## WHAT TO PRODUCE
Look through the data below and work out how many lines hold "goes"; state only the number.
=== Section Start ===
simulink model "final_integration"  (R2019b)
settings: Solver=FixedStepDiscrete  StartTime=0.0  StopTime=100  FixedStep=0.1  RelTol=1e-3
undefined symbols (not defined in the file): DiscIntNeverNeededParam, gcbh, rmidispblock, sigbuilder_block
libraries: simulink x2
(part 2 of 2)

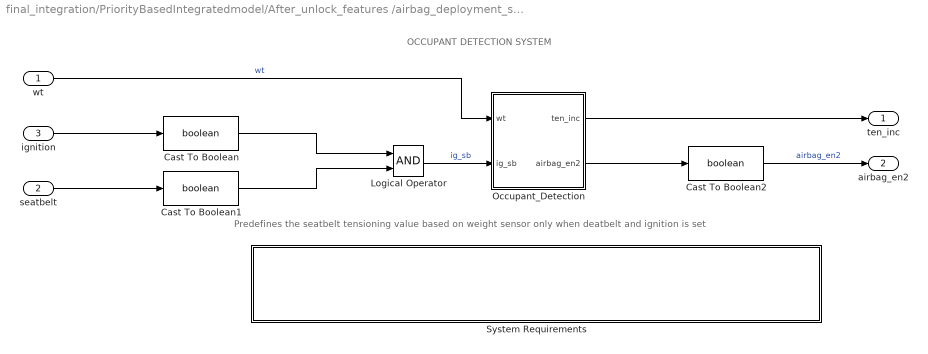
== system final_integration/PriorityBasedIntegratedmodel/After_unlock_features /airbag_deployment_system_main/occuption_detection_system ==
  note: Predefines the seatbelt tensioning value based on weight sensor only when deatbelt and ignition is set
  note: OCCUPANT DETECTION SYSTEM
  wt : Inport
  seatbelt : Inport  Port=2
  ignition : Inport  Port=3
  Cast To Boolean : DataTypeConversion  OutDataTypeStr=boolean
  Cast To Boolean1 : DataTypeConversion  OutDataTypeStr=boolean
  Cast To Boolean2 : DataTypeConversion  OutDataTypeStr=boolean
  Logical Operator : Logic  AllPortsSameDT=off  OutDataTypeStr=boolean
  Occupant_Detection : Stateflow chart  TreatAsAtomicUnit=on
  System Requirements : Subsystem  LoadFcn=rmidispblock('load',gcbh)  mask(System Requirements){id=SystemReq, title=System Requirements}
      mask prompts: title "Block Title"
      mask help: Lists the requirements for the current model.
      mask init:
      | id = 'SystemReq';
      | [w,h] = rmidispblock('display',gcbh);
      settings: CopyFcn=rmidispblock('create',gcbh)  DeleteFcn=rmidispblock('delete',gcbh)  ModelCloseFcn=rmidispblock('close',gcbh)  PreSaveFcn=rmidispblock('close',gcbh)  PostSaveFcn=rmidispblock('open',gcbh)  OpenFcn=rmidispblock('open',gcbh)  MoveFcn=rmidispblock('move',gcbh)
      mask Help: helpview(fullfile(docroot,'slrequirements','helptargets.map'),'systemrequirements')
      mask Display: text(566/2,73-4,rmidispblock('title',gcbh),'horizontalAlignment','center','verticalAlignment','top')
  ten_inc : Outport
  airbag_en2 : Outport  Port=2
  wires:
  Logical Operator/1 -> Occupant_Detection/2(ig_sb)  "ig_sb"
  Cast To Boolean1/1 -> Logical Operator/2
  Cast To Boolean/1 -> Logical Operator/1
  Occupant_Detection/1(ten_inc) -> ten_inc/1
  ignition/1 -> Cast To Boolean/1
  seatbelt/1 -> Cast To Boolean1/1
  Occupant_Detection/2(airbag_en2) -> Cast To Boolean2/1
  Cast To Boolean2/1 -> airbag_en2/1  "airbag_en2"
  wt/1 -> Occupant_Detection/1(wt)  "wt"

== system final_integration/PriorityBasedIntegratedmodel/After_unlock_features /seatbelt_warning_system/System Requirements ==
  Subsystem : Subsystem  mask{label=0, index=1}
      mask init:
      | label = rmidispblock('label',index);
      settings: OpenFcn=rmidispblock('openReq',gcbh);
      mask Display: text(0,0,label,'horizontalAlignment','left','verticalAlignment','bottom')

== system final_integration/PriorityBasedIntegratedmodel/After_unlock_features /suspension_system/System Requirements ==
  Subsystem : Subsystem  mask{label=0, index=1}
      mask init:
      | label = rmidispblock('label',index);
      settings: OpenFcn=rmidispblock('openReq',gcbh);
      mask Display: text(0,0,label,'horizontalAlignment','left','verticalAlignment','bottom')

== system final_integration/PriorityBasedIntegratedmodel/Passive Keyless Entry system/System Requirements/Subsystem ==

== system final_integration/PriorityBasedIntegratedmodel/After_unlock_features /airbag_deployment_system_main/Safe_distance_enable/System Requirements ==
  Subsystem : Subsystem  mask{label=0, index=1}
      mask init:
      | label = rmidispblock('label',index);
      settings: OpenFcn=rmidispblock('openReq',gcbh);
      mask Display: text(0,0,label,'horizontalAlignment','left','verticalAlignment','bottom')

== system final_integration/PriorityBasedIntegratedmodel/After_unlock_features /airbag_deployment_system_main/System Requirements/Subsystem ==

== system final_integration/PriorityBasedIntegratedmodel/After_unlock_features /airbag_deployment_system_main/airbag_decisionsystem/System Requirements ==
  Subsystem : Subsystem  mask{label=0, index=1}
      mask init:
      | label = rmidispblock('label',index);
      settings: OpenFcn=rmidispblock('openReq',gcbh);
      mask Display: text(0,0,label,'horizontalAlignment','left','verticalAlignment','bottom')

== system final_integration/PriorityBasedIntegratedmodel/After_unlock_features /airbag_deployment_system_main/occuption_detection_system/System Requirements ==
  Subsystem : Subsystem  mask{label=0, index=1}
      mask init:
      | label = rmidispblock('label',index);
      settings: OpenFcn=rmidispblock('openReq',gcbh);
      mask Display: text(0,0,label,'horizontalAlignment','left','verticalAlignment','bottom')

== system final_integration/PriorityBasedIntegratedmodel/After_unlock_features /seatbelt_warning_system/System Requirements/Subsystem ==

== system final_integration/PriorityBasedIntegratedmodel/After_unlock_features /suspension_system/System Requirements/Subsystem ==

== system final_integration/PriorityBasedIntegratedmodel/After_unlock_features /airbag_deployment_system_main/Safe_distance_enable/System Requirements/Subsystem ==

== system final_integration/PriorityBasedIntegratedmodel/After_unlock_features /airbag_deployment_system_main/airbag_decisionsystem/System Requirements/Subsystem ==

== system final_integration/PriorityBasedIntegratedmodel/After_unlock_features /airbag_deployment_system_main/occuption_detection_system/System Requirements/Subsystem ==

== stateflow chart final_integration/PriorityBasedIntegratedmodel/After_unlock_features /airbag_deployment_system_main/airbag_decisionsystem/Airbag_Decision ==
  state normalState
    en, du:
    airbagDeploy=0;
    seatTensioner=0;
  state standbyState
    en, du:
    airbagDeploy=0;
    seatTensioner=1;
  state fireState
    en, du:
    airbagDeploy=1;
    seatTensioner=1;
  note: 1) When no Crash(NormalState):Airbag and seatbelt tensioner are not set.
      | 2) When a crash of low or medium level(StandbyState):Seatbelt is tensioned but airbag deployment and steering retraction doesn’t take place.
      | 3) When a crash of high level(StandbyState):Seatbelt is tensioned and airbag deployment and steering retraction is also activated.
  (default) -> normalState
  standbyState -> fireState [order 1] : [vehicle_speed>=22.54]
  normalState -> standbyState : [vehicle_vol>=Vth]
  standbyState -> fireState [order 3] : [12.88<vehicle_speed<22.54]
  fireState -> standbyState : [vehicle_speed<12.88]
  standbyState -> normalState [order 2] : [vehicle_vol<Vth]
  data: Vth local =1; vehicle_speed input; vehicle_vol input; airbagDeploy output; seatTensioner output

== stateflow chart final_integration/PriorityBasedIntegratedmodel/After_unlock_features /airbag_deployment_system_main/occuption_detection_system/Occupant_Detection ==
  state systemOn
    exit:
    airbag_en2=1;
    (default) -> (junction 15) : % tension adjuster
    (junction 15) -> (junction 16) [order 1] : [wt>=75.0 && wt<=100.0]
    (junction 15) -> (junction 17) [order 2]
    (junction 16) -> (junction 24) : {ten_inc=10.0+Tini;}
    (junction 17) -> (junction 18) [order 1] : [wt>=50.0 && wt<=75.0]
    (junction 17) -> (junction 19) [order 2]
    (junction 18) -> (junction 23) : {ten_inc=20.0+Tini;}
    (junction 19) -> (junction 20) [order 1] : [wt>=25.0 && wt<=50.0]
    (junction 19) -> (junction 21) [order 2] : {ten_inc=Tini;}
    (junction 20) -> (junction 22) : {ten_inc=30.0+Tini;}
    (junction 22) -> (junction 21)
    (junction 23) -> (junction 22)
    (junction 24) -> (junction 23)
    (junction 21) -> (junction 25)
  state systemOff
    exit:
    airbag_en2=0;
  note: 1) Ignition and seatbelt is ON,then in order to avoid harsh tensioning of seat belt we read the weight sensor and accordingly set the tensioning percent.
      | 2) Ignition and Seatbelt is OFF,no seatbelt tensioning predefining takes place.
  (default) -> systemOn
  systemOn -> systemOff : [ig_sb==1.0]
  systemOff -> systemOn : [ig_sb==0]
  data: wt input; Tini local =5; ten_inc output; ig_sb input; airbag_en2 output

== stateflow chart final_integration/PriorityBasedIntegratedmodel/After_unlock_features /seatbelt_warning_system/seat_belt_alert_system ==
  state Idle_state
    en:
    seatoccupiedout=0;
    buzzer=0;
    seatbeltout=0;
  note: Input should be either 0 or 1 only
      |
      | There are 4 states:
      | Idle state: Idle means, engine is off, so there is no output
      | Seatoccupied: When passesnger enters the vehicle this state activates and the passenger seated status will be displayed on screen
      | SeatbeltOn: When seat is occupied and the passenger wears seat belt, then this state activates and the seat belt used status will be displayed
      | Buzzer: When seat is occupied nut the belt is not used, buzzer state activates and belt reminder is desplayed on screen
  state Seatoccupied
    en:
    seatoccupiedout=1;
  state Buzzer
    en:
    seatbeltout=0;
    buzzer=1;
    disp('buzzer on');
  state SeatbeltOn
    en:
    seatbeltout=1;
    buzzer=0;
  (default) -> Idle_state
  Idle_state -> Seatoccupied : [seatoccupied==1]
  SeatbeltOn -> Idle_state : [seatoccupied==0]
  Buzzer -> Idle_state [order 1] : [seatoccupied==0]
  Seatoccupied -> Buzzer [order 2] : [seatbelt==0]
  Buzzer -> SeatbeltOn [order 2] : [seatbelt==1]
  Seatoccupied -> SeatbeltOn [order 1] : [seatbelt==1]
  data: seatoccupied input; seatbelt input; seatoccupiedout output; seatbeltout output; buzzer output; c local

== stateflow chart final_integration/PriorityBasedIntegratedmodel/Passive Keyless Entry system/Door_Status_Scenario1 ==
  note: Scenario 1: When user is moving away from the source
  state PassiveENtryScenario1 [group]
    state ScanOff
    state Available
      state Signal
      state SensorWork
        state DoorSensor
          en:
          DoorEntryStatus_S1=0;
          proximity = 100;
          count=0;
          du:
          count = count +1;
          ex:
          count = 101;
        state VehicleSensor
          en:
          DoorEntryStatus_S1=0;
          proximity=750;
          count=101;
          du:
          count=count +1;
          ex:
          count = 751;
        state OutofRange
          en:
          DoorEntryStatus_S1=1;
          disp('Door is Locked');
          disp('--------------------');
          proximity=900;
          count=751;
          du:
          count=count+1;
          ex:
          count = 901;
        (default) -> DoorSensor
        DoorSensor -> VehicleSensor : [count > proximity] {disp('User moving out of Door Proximity');}
        VehicleSensor -> OutofRange : [count > proximity] {disp('User moving out of Vehicle Proximity');
            |                              disp('---------------------------------------');}
      (default) -> Signal
      SensorWork -> Signal : [Input_signal_S1==900]
      Signal -> SensorWork : [Input_signal_S1>0]{disp('Connection of the signal');
          | disp('---------------------------------------');}
    (default) -> ScanOff : {disp('---------------------------------------');
        | disp('User moving away from vehicle');
        | disp('Scanning for Signal Avalabiltiy');
        | disp('----------------------------------------');}
    Available -> ScanOff : [SignalScanInput==0]
    ScanOff -> Available : [SignalScanInput==1]{disp('Signal Available');
        | disp('---------------------------------------');}
  note: %% Vehicle Sensor
      | % When the signal value goes from 100 to 750, the Vehicle state activates
      | % When it reaches the 750 count, the door locks
  note: %% Door Sensor
      | % When the signal value goes from 0 to 100, the Door state activates
      | % When it reaches the 100 count, the still stays the same
  note: %% Door Status
      | % When both the states are active, only then the output status is given.
      | % Otherwise the door remains open
  data: proximity local; count local; Input_signal_S1 input; DoorEntryStatus_S1 output; SignalScanInput input

== stateflow chart final_integration/PriorityBasedIntegratedmodel/Passive Keyless Entry system/Door_Status_Scenario2 ==
  note: Scenario 2: When user is moving towards source
  state PassiveEntryScenario2 [group]
    state ScanOff
    state Available
      state Signal
      state SensorWork
        state OutofRange
          entry:
          DoorEntryStatus_S2=1;
          proximity = 900;
          count=899;
          during:
          count = count -1;
          exit:
          count = 749;
        state VehicleSensor
          entry:
          DoorEntryStatus_S2=1;
          proximity=750;
          count=749;
          during:
          count=count -1;
          exit:
          count = 99;
        state DoorSensor
          entry:
          DoorEntryStatus_S2=0;
          disp('Door is Unocked');
          disp('Ignition sequence allowed');
          disp('-----------------------------------');
          proximity=100;
          count=99;
          during:
          count=count - 1;
          exit:
          count = 1;
        (default) -> OutofRange
        OutofRange -> VehicleSensor : [count==749] {disp('User moving towards Vehicle Proximity');}
        VehicleSensor -> DoorSensor : [count==99] {disp('User moving towards Door Proximity');
            |                      disp('---------------------------------------');}
      (default) -> Signal
      SensorWork -> Signal : [Input_Signal_S2==0]
      Signal -> SensorWork : [Input_Signal_S2 < 1000] {disp('Connection of the signal');
          |                                          disp('---------------------------------------');}
    (default) -> ScanOff : {disp('---------------------------------------');
        | disp('User moving towards the vehicle');
        | disp('Scanning for Signal Avalabiltiy');
        | disp('----------------------------------------');}
    Available -> ScanOff : [SignalScanInput==0]
    ScanOff -> Available : [SignalScanInput==1]{disp('Signal Available');
        | disp('---------------------------------------');}
  note: %% Door Sensor
      | % When the signal value goes from 100 to 0, the Door state activates
      | % When it reaches the 0 count, the door unlocks
  note: %% Vehicle Sensor
      | % When the signal value goes from 750 to 100, the Vehicle state activates
      | % When it reaches the 100 count, the door locks
  note: %% Door Status
      | % When both the states are active, only then the output status is given.
      | % Otherwise the door remains closed
  data: proximity local; count local; Input_Signal_S2 input; DoorEntryStatus_S2 output; SignalScanInput input

== stateflow chart final_integration/PriorityBasedIntegratedmodel/After_unlock_features /suspension_system/tyremonitoring ==
  state Ignition_OFF
    en:
    F_o_v =0;
    R_o_v=0;
    F_i_v =0;
    R_i_v=0;
  note: Igniton is setpoint generator
      | Scenario 1:
      | -> Lower pressure than threshold value inside suspension chamber. This will make the inlet valves to actuate till the threshold value is obtained.
      | Scenario 2:
      | -> Higher pressure than threshold value inside suspension chamber. This will make the outlet valves to actuate till the pressure is dropped to threshold valve.
      | Scenario 3:
      | -> Ideal pressure inside suspension chamber, so no actuation of inlet and outlet valves.
      | Scenario 4:
      | -> Vehicle is accelerating quickly, This will make the rear inlet valves to actuate.
      | Scenario 5:
      | -> Vehicle is de-accelerating quickly, This will make the front inlet valves to actuate.​
  state Ignition_ON
    state City_mode
      (junction 80) -> (junction 82) : {F_i_v=1;R_i_v=1;F_o_v=0;R_o_v=0}
      (junction 88) -> (junction 35) : [IP_press==50 && Acc_ip >30&&Acc_ip<60]
      (junction 25) -> (junction 88) [order 1]
      (junction 21) -> (junction 80) [order 1] : [IP_press<50]
      (junction 82) -> (junction 25)
      (junction 35) -> (junction 36) : {F_i_v=0;R_i_v=0}
      City_mode -> (junction 21) [order 1]
      (junction 21) -> (junction 25) [order 3] : [IP_press==50]
      (junction 25) -> (junction 40) [order 2] : [IP_press==50 && Acc_ip>60]
      (junction 25) -> (junction 90) [order 3]
      (junction 25) -> (junction 24) [order 4]
      (junction 21) -> (junction 84) [order 2] : [IP_press>50]
      (junction 86) -> (junction 25)
      (junction 40) -> (junction 41) : {F_i_v=0;R_i_v=1}
      (junction 90) -> (junction 45) : [IP_press==50 && Acc_ip <30]
      (junction 45) -> (junction 46) : {F_i_v=1;R_i_v=0}
      (junction 84) -> (junction 86) : {F_o_v=1;R_o_v=1;F_i_v=0;R_i_v=0}
      (junction 46) -> (junction 24) : {F_o_v=0;R_o_v=0}
      (junction 92) -> (junction 24)
      (junction 94) -> (junction 24)
      (junction 41) -> (junction 92) : {F_o_v=0;R_o_v=0}
      (junction 36) -> (junction 94) : {F_o_v=0;R_o_v=0}
    state HIghway_mode
      (junction 96) -> (junction 101) : {F_i_v=1;R_i_v=1;F_o_v=0;R_o_v=0}
      (junction 105) -> (junction 55) : [IP_press==100 && Acc_ip >30&&Acc_ip<60]
      (junction 68) -> (junction 105) [order 1]
      (junction 73) -> (junction 96) [order 1] : [IP_press<100]
      (junction 101) -> (junction 68)
      (junction 55) -> (junction 53) : {F_i_v=0;R_i_v=0}
      HIghway_mode -> (junction 73) [order 1]
      (junction 73) -> (junction 68) [order 3] : [IP_press==100]
      (junction 68) -> (junction 63) [order 2] : [IP_press==100 && Acc_ip >60]
      (junction 68) -> (junction 107) [order 3]
      (junction 68) -> (junction 69) [order 4]
      (junction 73) -> (junction 98) [order 2] : [IP_press>100]
      (junction 103) -> (junction 68)
      (junction 63) -> (junction 57) : {F_i_v=0;R_i_v=1}
      (junction 107) -> (junction 60) : [IP_press==100 && Acc_ip<30]
      (junction 60) -> (junction 64) : {F_i_v=1;R_i_v=0}
      (junction 98) -> (junction 103) : {F_o_v=1;R_o_v=1;F_i_v=0;R_i_v=0}
      (junction 64) -> (junction 69) : {F_o_v=0;R_o_v=0}
      (junction 109) -> (junction 69)
      (junction 111) -> (junction 69)
      (junction 57) -> (junction 109) : {F_o_v=0;R_o_v=0}
      (junction 53) -> (junction 111) : {F_o_v=0;R_o_v=0}
    (default) -> City_mode
    HIghway_mode -> City_mode [order 1] : [M_status==0]
    City_mode -> HIghway_mode [order 1] : [M_status==1]
  (default) -> Ignition_OFF
  Ignition_OFF -> Ignition_ON : [Igni_ip ==1]
  Ignition_ON -> Ignition_OFF : [Igni_ip==0]
  data: IP_press input; M_status input; Acc_ip input; Igni_ip input; F_i_v output; R_i_v output; F_o_v output; R_o_v output
=== Section End ===
## WRITTEN RESPONSE
4